Ayrıca 12 Eylül 1981 ihtilalinde sistemin ortaya çıkardığı bölücülük ve ayrı görüşte birbirlerine düşman edilen ve bu sebeple hapse düşen sekiz sağcı ve on beş solcu genç insanlarımız idam edildi ve yüzlerce gencin işkenceye maruz bırakıldığını duyuyoruz.
Emperyalizmin ülkeye kurduğu bu tuzak ülke gençlerini birbirine düşman ederek kardeşi kardeşe vurdurarak ülkemizde ayrışmayı ve bölücülüğü getirmiştir.
Günümüzde halen siyasilerin benden olanlar ve benden olmayanları; illet, zillet, hain, fetöcü ve teröristlikle suçlayıp ayrıştırma dilini kullanması ülkemizin geleceği, akrabalık ve arkadaşlık bağlarının güçlülüğü, birlik beraberliğimizin ebediyeti ve sürdürülebilirliği açısından çok tehlikeli bir dil ve davranışlar sergilemektedir.

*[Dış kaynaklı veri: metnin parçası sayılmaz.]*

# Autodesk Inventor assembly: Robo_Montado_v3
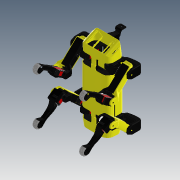
[picture p0: Inventor's stored thumbnail of the model, 180x180]
Saved by Autodesk Inventor 2020 (Build 240168000, 168)
## iProperties
Created: 2022-06-22
Part Number: Robo_Montado_v3
Document SubType Name: Assembly
Designer: JCarlos
Author: JCarlos
## Documents named in this file (8)
- C:\Users\candu\Google Drive\Doutorado_UTFPR\Projeto_1_SpotMicro\Projeto_3D\Robo_Montado_v3\3Dfiles_Q-Robot\Q-Robot.iam
- C:\Users\candu\Google Drive\Doutorado_UTFPR\Projeto_1_SpotMicro\Projeto_3D\Robo_Montado_v3\3Dfiles_Q-Robot\Corpo_Interno_v3.iam
- C:\Users\candu\Google Drive\Doutorado_UTFPR\Projeto_1_SpotMicro\Projeto_3D\Robo_Montado_v3\3Dfiles_Q-Robot\Tronco.iam
- C:\Users\candu\Google Drive\Doutorado_UTFPR\Projeto_1_SpotMicro\Projeto_3D\Robo_Montado_v3\3Dfiles_Q-Robot\Cover_Dianteira.ipt
- C:\Users\candu\Google Drive\Doutorado_UTFPR\Projeto_1_SpotMicro\Projeto_3D\Robo_Montado_v3\3Dfiles_Q-Robot\Cover_Inferior.ipt
- C:\Users\candu\Google Drive\Doutorado_UTFPR\Projeto_1_SpotMicro\Projeto_3D\Robo_Montado_v3\3Dfiles_Q-Robot\Cover_Traseira.ipt
- C:\Users\candu\Google Drive\Doutorado_UTFPR\Projeto_1_SpotMicro\Projeto_3D\Robo_Montado_v3\3Dfiles_Q-Robot\Cover_Superior.ipt
- C:\Users\candu\Google Drive\Doutorado_UTFPR\Projeto_1_SpotMicro\Projeto_3D\Robo_Montado_v3\3Dfiles_Q-Robot\LiDAR.iam
## Components (8 placed, 7 different names)
1. Corpo_Interno_v3:1 [sub-assembly] — Ângulo:1, Ângulo:2, Coincidência:1, Coincidência:2, Coincidência:3, Coincidência:4, Coincidência:5, Coincidência:6
2. Tronco:1 [sub-assembly] — Coincidência:1, Coincidência:2, Coincidência:3, Coincidência:10, Coincidência:11, Coincidência:12
3. Tronco:2 [sub-assembly] — Coincidência:4, Coincidência:5, Coincidência:6, Coincidência:7, Coincidência:8, Coincidência:9, Alinhamento:3
4. Cover_Dianteira:1 — Coincidência:7, Coincidência:8, Coincidência:9, Coincidência:13, Coincidência:16, Coincidência:17, Coincidência:18, Ângulo:3, Alinhamento:1, Ângulo:4, Coincidência:19, Ângulo:5
5. Cover_Inferior:1 — Coincidência:13, Coincidência:14, Coincidência:15
6. Cover_Traseira:1 — Coincidência:10, Coincidência:11, Coincidência:12, Coincidência:14, Coincidência:15
7. Cover_Superior:1 — Coincidência:16, Coincidência:17, Coincidência:18
8. LiDAR:1 [sub-assembly] — Ângulo:3, Alinhamento:1, Ângulo:4, Alinhamento:2
## Relationships (27: Mate 19, Angle 5, Flush 3)
- Ângulo:1 [Angle] (0 deg): Corpo_Interno_v3:1
- Ângulo:2 [Angle] (0 deg): Corpo_Interno_v3:1
- Coincidência:1 [Mate]: Corpo_Interno_v3:1 ↔ Tronco:1
- Coincidência:2 [Mate]: Corpo_Interno_v3:1 ↔ Tronco:1
- Coincidência:3 [Mate]: Corpo_Interno_v3:1 ↔ Tronco:1
- Coincidência:4 [Mate]: Corpo_Interno_v3:1 ↔ Tronco:2
- Coincidência:5 [Mate]: Corpo_Interno_v3:1 ↔ Tronco:2
- Coincidência:6 [Mate]: Corpo_Interno_v3:1 ↔ Tronco:2
- Coincidência:7 [Mate]: Tronco:2 ↔ Cover_Dianteira:1
- Coincidência:8 [Mate]: Tronco:2 ↔ Cover_Dianteira:1
- Coincidência:9 [Mate]: Tronco:2 ↔ Cover_Dianteira:1
- Coincidência:10 [Mate]: Tronco:1 ↔ Cover_Traseira:1
- Coincidência:11 [Mate]: Tronco:1 ↔ Cover_Traseira:1
- Coincidência:12 [Mate]: Tronco:1 ↔ Cover_Traseira:1
- Coincidência:13 [Mate]: Cover_Dianteira:1 ↔ Cover_Inferior:1
- Coincidência:14 [Mate]: Cover_Inferior:1 ↔ Cover_Traseira:1
- Coincidência:15 [Mate]: Cover_Inferior:1 ↔ Cover_Traseira:1
- Coincidência:16 [Mate]: Cover_Dianteira:1 ↔ Cover_Superior:1
- Coincidência:17 [Mate]: Cover_Dianteira:1 ↔ Cover_Superior:1
- Coincidência:18 [Mate]: Cover_Dianteira:1 ↔ Cover_Superior:1
- Ângulo:3 [Angle] (0 deg): Cover_Dianteira:1 ↔ LiDAR:1
- Alinhamento:1 [Flush]: Cover_Dianteira:1 ↔ LiDAR:1
- Ângulo:4 [Angle] (0 deg): Cover_Dianteira:1 ↔ LiDAR:1
- Coincidência:19 [Mate]: Cover_Dianteira:1
- Ângulo:5 [Angle] (-169 deg): Cover_Dianteira:1
- Alinhamento:2 [Flush] (3 mm): LiDAR:1
- Alinhamento:3 [Flush] (-4.5 mm): Tronco:2
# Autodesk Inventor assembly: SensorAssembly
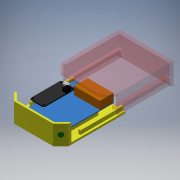
[picture p0: Inventor's stored thumbnail of the model, 180x180]
Saved by Autodesk Inventor 2018 (Build 220112000, 112)
## iProperties
Created: 2019-10-14
Part Number: SensorAssembly
Document SubType Name: Assembly
Designer: jklei
Author: jklei
## Documents named in this file (8)
- C:\Users\jklei\Desktop\Wildfire-Detector\CAD\SensorAssembly.iam
- C:\Users\jklei\Desktop\Wildfire-Detector\CAD\2829 Adafruit Feather Bluefruit 32u4.ipt
- C:\Users\jklei\Desktop\Wildfire-Detector\CAD\sensor.ipt
- C:\Users\jklei\Desktop\Wildfire-Detector\CAD\bottom-housing.ipt
- C:\Users\jklei\Desktop\Wildfire-Detector\CAD\top-slider.ipt
- C:\Users\jklei\Desktop\Wildfire-Detector\CAD\PCB.ipt
- C:\Users\jklei\Desktop\Wildfire-Detector\CAD\Battery.ipt
- C:\Users\jklei\Desktop\Wildfire-Detector\CAD\BoostConverter.ipt
## Components (8 placed, 7 different names)
1. 2829 Adafruit Feather Bluefruit 32u4:1 — Flush:3, Mate:18, Flush:4
2. sensor:1 — Insert:2
3. sensor:2 — Insert:1
4. bottom-housing:1 — Flush:1, Mate:6, Insert:1, Insert:2, Mate:9, Mate:10, Mate:11, Mate:16, Mate:17
5. top-slider:1 — Flush:1, Mate:6
6. PCB:1 — Flush:3, Mate:9, Mate:10, Mate:12, Mate:18, Flush:4, Flush:5, Mate:19, Flush:6
7. Battery:1 — Mate:11, Mate:12, Mate:16, Mate:17
8. BoostConverter:1 — Flush:5, Mate:19, Flush:6
## Relationships (16: Mate 9, Flush 5, Insert 2)
- Flush:1: bottom-housing:1 ↔ top-slider:1
- Mate:6: bottom-housing:1 ↔ top-slider:1
- Insert:1: sensor:2 ↔ bottom-housing:1
- Insert:2: sensor:1 ↔ bottom-housing:1
- Flush:3 (23.175 mm): 2829 Adafruit Feather Bluefruit 32u4:1 ↔ PCB:1
- Mate:9 (6.985 mm): bottom-housing:1 ↔ PCB:1
- Mate:10 (5.08 mm): bottom-housing:1 ↔ PCB:1
- Mate:11: bottom-housing:1 ↔ Battery:1
- Mate:12: PCB:1 ↔ Battery:1
- Mate:16: bottom-housing:1 ↔ Battery:1
- Mate:17: bottom-housing:1 ↔ Battery:1
- Mate:18 (9.525 mm): 2829 Adafruit Feather Bluefruit 32u4:1 ↔ PCB:1
- Flush:4: 2829 Adafruit Feather Bluefruit 32u4:1 ↔ PCB:1
- Flush:5: PCB:1 ↔ BoostConverter:1
- Mate:19: PCB:1 ↔ BoostConverter:1
- Flush:6: PCB:1 ↔ BoostConverter:1
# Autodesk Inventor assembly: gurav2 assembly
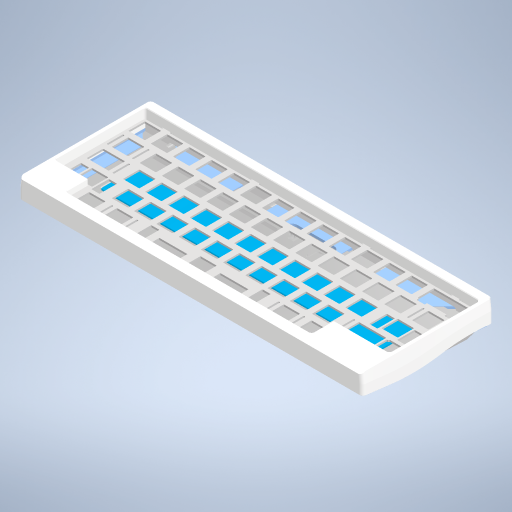
[picture p0: Inventor's stored thumbnail of the model, 512x512]
Saved by Autodesk Inventor 2023 (Build 270158000, 158)
## iProperties
Created: 2023-10-18
Part Number: gurav2 assembly
Document SubType Name: Assembly
Designer: Eric
Author: Eric
## Documents named in this file (8)
- C:\Users\Eric\Desktop\guracase\v2 Parts\gurav2 assembly.iam
- C:\Users\Eric\Desktop\guracase\v2 Parts\bottomcase.ipt
- C:\Users\Eric\Desktop\guracase\v2 Parts\rightdiffuser.ipt
- C:\Users\Eric\Desktop\guracase\v2 Parts\leftdiffuser.ipt
- C:\Users\Eric\Desktop\guracase\v2 Parts\reardiffuser.ipt
- C:\Users\Eric\Desktop\guracase\v2 Parts\weight.ipt
- C:\Users\Eric\Desktop\guracase\v2 Parts\topcase.ipt
- C:\Users\Eric\Desktop\guracase\v2 Parts\hhkbplate.ipt
## Components (7 placed, 7 different names)
1. bottomcase:1 — Mate:1, Mate:2, Mate:3, Mate:4, Mate:5, Mate:6, Mate:7, Mate:8, Flush:1, Mate:9, Mate:10, Flush:2, Mate:11, Mate:13
2. rightdiffuser:1 — Mate:1, Mate:2, Mate:3, Mate:12
3. leftdiffuser:1 — Mate:4, Mate:5, Mate:6
4. reardiffuser:1 — Mate:7, Mate:8, Flush:1
5. weight:1 — Mate:9, Mate:10, Flush:2
6. topcase:1 — Mate:11, Mate:12, Mate:13, Mate:14, Mate:15
7. hhkbplate:1 — Mate:14, Mate:15
## Relationships (17: Mate 15, Flush 2)
- Mate:1: bottomcase:1 ↔ rightdiffuser:1
- Mate:2 (0.125 mm): bottomcase:1 ↔ rightdiffuser:1
- Mate:3 (0.125 mm): bottomcase:1 ↔ rightdiffuser:1
- Mate:4: bottomcase:1 ↔ leftdiffuser:1
- Mate:5 (0.125 mm): bottomcase:1 ↔ leftdiffuser:1
- Mate:6 (0.125 mm): bottomcase:1 ↔ leftdiffuser:1
- Mate:7: bottomcase:1 ↔ reardiffuser:1
- Mate:8 (0.125 mm): bottomcase:1 ↔ reardiffuser:1
- Flush:1: bottomcase:1 ↔ reardiffuser:1
- Mate:9 (0.125 mm): bottomcase:1 ↔ weight:1
- Mate:10 (0.125 mm): bottomcase:1 ↔ weight:1
- Flush:2: bottomcase:1 ↔ weight:1
- Mate:11: bottomcase:1 ↔ topcase:1
- Mate:12 (0.125 mm): rightdiffuser:1 ↔ topcase:1
- Mate:13 (0.125 mm): bottomcase:1 ↔ topcase:1
- Mate:14: topcase:1 ↔ hhkbplate:1
- Mate:15: topcase:1 ↔ hhkbplate:1
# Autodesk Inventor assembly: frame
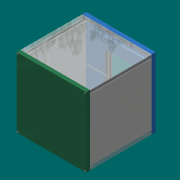
[picture p0: Inventor's stored thumbnail of the model, 180x180]
Saved by Autodesk Inventor 2016 (Build 200138000, 138)
## iProperties
Created: 2015-10-13
Part Number: frame
Document SubType Name: Assembly
Designer: Sawaiz
Author: Sawaiz
## Documents named in this file (7)
- C:\Users\Sawaiz\OneDrive\projects\modularRICH\frame\frame.iam
- C:\Users\Sawaiz\OneDrive\projects\modularRICH\frame\sides.ipt
- C:\Users\Sawaiz\OneDrive\projects\modularRICH\frame\back.iam
- C:\Users\Sawaiz\OneDrive\projects\modularRICH\frame\front.iam
- C:\Users\Sawaiz\OneDrive\projects\modularRICH\frame\topBottom.iam
- C:\Users\Sawaiz\OneDrive\projects\modularRICH\frame\0x0.625flatPhilips.ipt
- C:\Users\Sawaiz\OneDrive\projects\modularRICH\modularRICH.xlsx
## Components (14 placed, 5 different names)
1. back:1 [sub-assembly] — Flush:1, Flush:2, Mate:1, Mate:7, Mate:8, Flush:9, Mate:9, Mate:10, Mate:11, Mate:12, Mate:13, Mate:14, Mate:15, Flush:10, Flush:11, Flush:12, Flush:13, Flush:14, Flush:15, Flush:16
2. front:1 [sub-assembly] — Flush:1, Flush:2, Flush:3, Flush:4, Flush:6, Mate:2, Mate:3, Mate:17
3. topBottom:1 [sub-assembly] — Flush:4, Flush:5, Flush:6, Mate:1, Mate:3
4. topBottom:2 [sub-assembly] — Flush:3, Flush:5, Mate:2, Flush:7, Mate:6, Flush:8, Mate:16
5. sides:1 — Mate:6, Mate:7, Flush:8
6. sides:2 — Flush:7, Mate:16, Mate:17
7. 0x0.625flatPhilips:1 — Mate:8, Flush:9
8. 0x0.625flatPhilips:2 — Mate:9, Flush:15
9. 0x0.625flatPhilips:3 — Mate:10, Flush:16
10. 0x0.625flatPhilips:4 — Mate:11, Flush:14
11. 0x0.625flatPhilips:5 — Mate:15, Flush:10
12. 0x0.625flatPhilips:6 — Mate:14, Flush:11
13. 0x0.625flatPhilips:7 — Mate:12, Flush:13
14. 0x0.625flatPhilips:8 — Mate:13, Flush:12
## Relationships (31: Flush 16, Mate 15)
- Flush:1: back:1 ↔ front:1
- Flush:2: back:1 ↔ front:1
- Flush:3: front:1 ↔ topBottom:2
- Flush:4: front:1 ↔ topBottom:1
- Flush:5: topBottom:1 ↔ topBottom:2
- Flush:6: front:1 ↔ topBottom:1
- Mate:1: back:1 ↔ topBottom:1
- Mate:2: front:1 ↔ topBottom:2
- Mate:3: front:1 ↔ topBottom:1
- Flush:7: topBottom:2 ↔ sides:2
- Mate:6: topBottom:2 ↔ sides:1
- Mate:7: back:1 ↔ sides:1
- Flush:8: topBottom:2 ↔ sides:1
- Mate:8: back:1 ↔ 0x0.625flatPhilips:1
- Flush:9: back:1 ↔ 0x0.625flatPhilips:1
- Mate:9: back:1 ↔ 0x0.625flatPhilips:2
- Mate:10: back:1 ↔ 0x0.625flatPhilips:3
- Mate:11: back:1 ↔ 0x0.625flatPhilips:4
- Mate:12: back:1 ↔ 0x0.625flatPhilips:7
- Mate:13: back:1 ↔ 0x0.625flatPhilips:8
- Mate:14: back:1 ↔ 0x0.625flatPhilips:6
- Mate:15: back:1 ↔ 0x0.625flatPhilips:5
- Flush:10: back:1 ↔ 0x0.625flatPhilips:5
- Flush:11: back:1 ↔ 0x0.625flatPhilips:6
- Flush:12: back:1 ↔ 0x0.625flatPhilips:8
- Flush:13: back:1 ↔ 0x0.625flatPhilips:7
- Flush:14: back:1 ↔ 0x0.625flatPhilips:4
- Flush:15: back:1 ↔ 0x0.625flatPhilips:2
- Flush:16: back:1 ↔ 0x0.625flatPhilips:3
- Mate:16: topBottom:2 ↔ sides:2
- Mate:17: front:1 ↔ sides:2
## Named parameters: acrylicThickness = 6.35 mm, aerogelThickness = 20 mm, height = 101.6 mm, width = 101.6 mm, depth = 101.6 mm, mirrorAngle = 5 deg, detectorWidth = 52 mm, detectorHeight = 52 mm, mirrorThickness = 3 mm, fresnelThickness = 0.1 mm, grooveDensity = 100, focalLength = 76.2 mm, ior = 1.49, centerThickness = 1.524 mm, fresnelAngle = 90 deg, fresnelEffectiveDiameter = 76.2 mm, mirrorSuppourtWidth = 38.1 mm, backGrooveBit = 4.8006 mm, sensorHolderWidth = 88.9 mm, sensorHolderSensorWidth = 53.975 mm, sensorHolderSesnorHeight = 53.975 mm, sensorHolderHeight = 88.9 mm, sensorHolderSensorHeight = 53.975 mm, sensorHolderORingGroove = 3.175 mm, sensorHolderORing = 3.175 mm, sensorHolderFlushORingID = 254 mm, sensorHolderFlushORing = 3.175 mm, frontBackORingID = 419.1 mm, oRingWidth = 3.175 mm, sensorHolderORingID = 203.2 mm, topBottomHorizontalMirrorGroove = 12.7 mm, backMirrorGroove = 6.35 mm, mirrorGroove = 19.05 mm, compressionPercent = 40, fresnelChamfer = 6.35 mm, mirrorGrooveFillet = 6.35 mm, mirrorGrooveDrill = 6.35 mm, mirrorGrooveMill = 3.175 mm
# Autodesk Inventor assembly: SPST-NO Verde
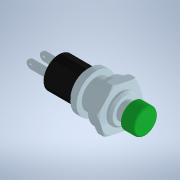
[picture p0: Inventor's stored thumbnail of the model, 180x180]
Saved by Autodesk Inventor 2020.1 (Build 241239000, 239)
## iProperties
Created: 2012-05-21
Part Number: SPST-NO Verde
Document SubType Name: Assembly
Designer: Daniel
Sending System: Autodesk Inventor 2008
Preprocessor: Autodesk Inventor 2008
Title: D:\0 - Biblioteca Inventor\Componentes Electricos\Interruptores\Interruptor Normalmente Aberto 2 Pinos na Base\SPST-NO.stp
Author: jm
## Documents named in this file (4)
- F:\Proyectos\Dog Feeder\Solido\Circuito Electrico\PushButton\SPST-NO Verde.iam
- F:\Proyectos\Dog Feeder\Solido\Circuito Electrico\PushButton\SPST-NO_3.ipt
- F:\Proyectos\Dog Feeder\Solido\Circuito Electrico\PushButton\SPST-NO_2.ipt
- F:\Proyectos\Dog Feeder\Solido\Circuito Electrico\PushButton\SPST-NO_1 Verde.ipt
## Components (3 placed, 3 different names)
1. SPST-NO_1:1 — Mate:1, Mate:2, Mate:3
2. SPST-NO_3:1 — Mate:1, Mate:3, Mate:4
3. SPST-NO_2:1 — Mate:2, Mate:4
## Relationships (4: Mate 4)
- Mate:1: SPST-NO_1:1 ↔ SPST-NO_3:1
- Mate:2: SPST-NO_1:1 ↔ SPST-NO_2:1
- Mate:3 (3 mm): SPST-NO_1:1 ↔ SPST-NO_3:1
- Mate:4: SPST-NO_3:1 ↔ SPST-NO_2:1
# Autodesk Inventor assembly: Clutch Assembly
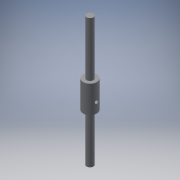
[picture p0: Inventor's stored thumbnail of the model, 180x180]
Saved by Autodesk Inventor 2016 (Build 200138000, 138)
## iProperties
Created: 2015-06-15
Part Number: Clutch Assembly
Document SubType Name: Assembly
Designer: steele
Author: steele
## Documents named in this file (3)
- C:\snobotics\CAD\robSteele\Bevel Gearbox\2015 Summer Bevel Gearbox\Clutch Assembly.iam
- C:\snobotics\CAD\robSteele\Bevel Gearbox\2015 Summer Bevel Gearbox\Part of Clutch.ipt
- C:\snobotics\CAD\robSteele\Bevel Gearbox\2015 Summer Bevel Gearbox\Lower Half of Clutch.ipt
## Components (2 placed, 2 different names)
1. Part of Clutch:1 — Insert:1
2. Lower Half of Clutch:1 — Insert:1
## Relationships (1: Insert 1)
- Insert:1: Part of Clutch:1 ↔ Lower Half of Clutch:1
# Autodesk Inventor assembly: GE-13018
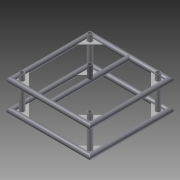
[picture p0: Inventor's stored thumbnail of the model, 180x180]
Saved by Autodesk Inventor 2013 (Build 170138000, 138)
## iProperties
Created: 2013-01-05
Part Number: GE-13018
Document SubType Name: Assembly
Designer: Phillip
Author: Phillip
## Documents named in this file (4)
- E:\Data Folder\FIRST 2013\FIRST KOP\FIRST Arena 2013\Pyramid\GE-13018.iam
- E:\Data Folder\FIRST 2013\FIRST KOP\FIRST Arena 2013\Pyramid\GE-13018-04.iam
- E:\Data Folder\FIRST 2013\FIRST KOP\FIRST Arena 2013\Pyramid\GE-13018-05.ipt
- E:\Data Folder\FIRST 2013\FIRST KOP\FIRST Arena 2013\Pyramid\GE-13018-01.ipt
## Components (14 placed, 3 different names)
1. GE-13018-04:1 [sub-assembly] — Tangent:1, Tangent:2, Tangent:3, Tangent:4, Mate:1, Mate:2, Tangent:5, Tangent:6, Mate:3, Tangent:7, Mate:4, Tangent:8, Tangent:9, Tangent:18, Mate:13, Mate:14, Mate:15, Mate:16
2. GE-13018-04:2 [sub-assembly] — Mate:5, Tangent:10, Tangent:11, Mate:6, Tangent:12, Tangent:13, Mate:7, Tangent:14, Tangent:15, Mate:8, Tangent:16, Tangent:17
3. GE-13018-05:1 — Tangent:1, Tangent:2, Mate:1
4. GE-13018-05:2 — Tangent:3, Tangent:4, Mate:2
5. GE-13018-05:3 — Tangent:5, Mate:3, Tangent:7, Flush:1
6. GE-13018-05:4 — Mate:7, Tangent:14, Tangent:15, Flush:1
7. GE-13018-05:5 — Mate:8, Tangent:16, Tangent:17, Mate:10
8. GE-13018-05:6 — Mate:4, Tangent:8, Tangent:9, Mate:10, Insert:2, Mate:11, Angle:2
9. GE-13018-05:7 — Mate:5, Tangent:10, Tangent:11
10. GE-13018-05:8 — Tangent:6, Mate:6, Tangent:12, Tangent:13
11. GE-13018-01:2 — Insert:2, Mate:12
12. GE-13018-01:3
13. GE-13018-01:4
14. GE-13018-01:5
## Component patterns: (4 elements, first: GE-13018-01:2)
## Relationships (37: Tangent 18, Mate 15, Angle 2, Insert 1, Flush 1)
- Tangent:1: GE-13018-04:1 ↔ GE-13018-05:1
- Tangent:2: GE-13018-04:1 ↔ GE-13018-05:1
- Tangent:3: GE-13018-04:1 ↔ GE-13018-05:2
- Tangent:4: GE-13018-04:1 ↔ GE-13018-05:2
- Mate:1: GE-13018-04:1 ↔ GE-13018-05:1
- Mate:2: GE-13018-04:1 ↔ GE-13018-05:2
- Tangent:5: GE-13018-04:1 ↔ GE-13018-05:3
- Tangent:6: GE-13018-04:1 ↔ GE-13018-05:8
- Mate:3: GE-13018-04:1 ↔ GE-13018-05:3
- Tangent:7: GE-13018-04:1 ↔ GE-13018-05:3
- Mate:4: GE-13018-04:1 ↔ GE-13018-05:6
- Tangent:8: GE-13018-04:1 ↔ GE-13018-05:6
- Tangent:9: GE-13018-04:1 ↔ GE-13018-05:6
- Mate:5: GE-13018-04:2 ↔ GE-13018-05:7
- Tangent:10: GE-13018-04:2 ↔ GE-13018-05:7
- Tangent:11: GE-13018-04:2 ↔ GE-13018-05:7
- Mate:6: GE-13018-04:2 ↔ GE-13018-05:8
- Tangent:12: GE-13018-04:2 ↔ GE-13018-05:8
- Tangent:13: GE-13018-04:2 ↔ GE-13018-05:8
- Mate:7: GE-13018-04:2 ↔ GE-13018-05:4
- Tangent:14: GE-13018-04:2 ↔ GE-13018-05:4
- Tangent:15: GE-13018-04:2 ↔ GE-13018-05:4
- Mate:8: GE-13018-04:2 ↔ GE-13018-05:5
- Tangent:16: GE-13018-04:2 ↔ GE-13018-05:5
- Tangent:17: GE-13018-04:2 ↔ GE-13018-05:5
- Mate:10: GE-13018-05:5 ↔ GE-13018-05:6
- Insert:2 (-50.8 mm): GE-13018-05:6 ↔ GE-13018-01:2
- Mate:11: GE-13018-05:6
- Angle:2 (0 deg): GE-13018-05:6
- Mate:12: GE-13018-01:2
- Angle:3 (0 deg)
- Tangent:18: GE-13018-04:1
- Mate:13: GE-13018-04:1
- Mate:14: GE-13018-04:1
- Mate:15: GE-13018-04:1
- Mate:16: GE-13018-04:1
- Flush:1 (-215.9 mm): GE-13018-05:3 ↔ GE-13018-05:4

Ülke gençlerini ülkücü, devrimci, akıncı, sağcı, solcu, islamcı, sosyalist, milliyetçi ve muhafazakar diye ayıran zihniyet bu ülkeyi fakirleştirdi ve dışa bağımlı hale getirdi. Oysaki üç tarafı denizlerle çevrili, akarsu, ırmak, nehir, dere ve gölleri bulunan dolayısıyla her bölgesinde farklı toprak yapısında yaşayan doğal güzellikleri ve her türlü iklimi olan bu coğrafyanın dünyanın en gelişmiş ülke konumunda olması gerektiği halde açlık, işsizlik ve fakirlikle mücadele eder hale gelmesi akıl tutulması ve ihanetten başka birşey değildir.
Ülke vatandaşı olarak eğitim ve meslek sahibi olabileceğimiz ve bununla birlikte üretim ve ürettiğini satan bir devlet inşa etmenin alt yapısı için kendimizden başlayarak mevcut dışa bağımlı düzenin yerine üreten, sanayileşen, çalışan ve birlik beraberlik içinde hareket eden bir ülke yolunda adımlar atmamız gerekmektedir. Aklımızı başımıza almanın vakti gelmiş ve geçmiştir. Realiteyi ve gerçekleri görmemiz insani ve vatani görevimiz olmuştur.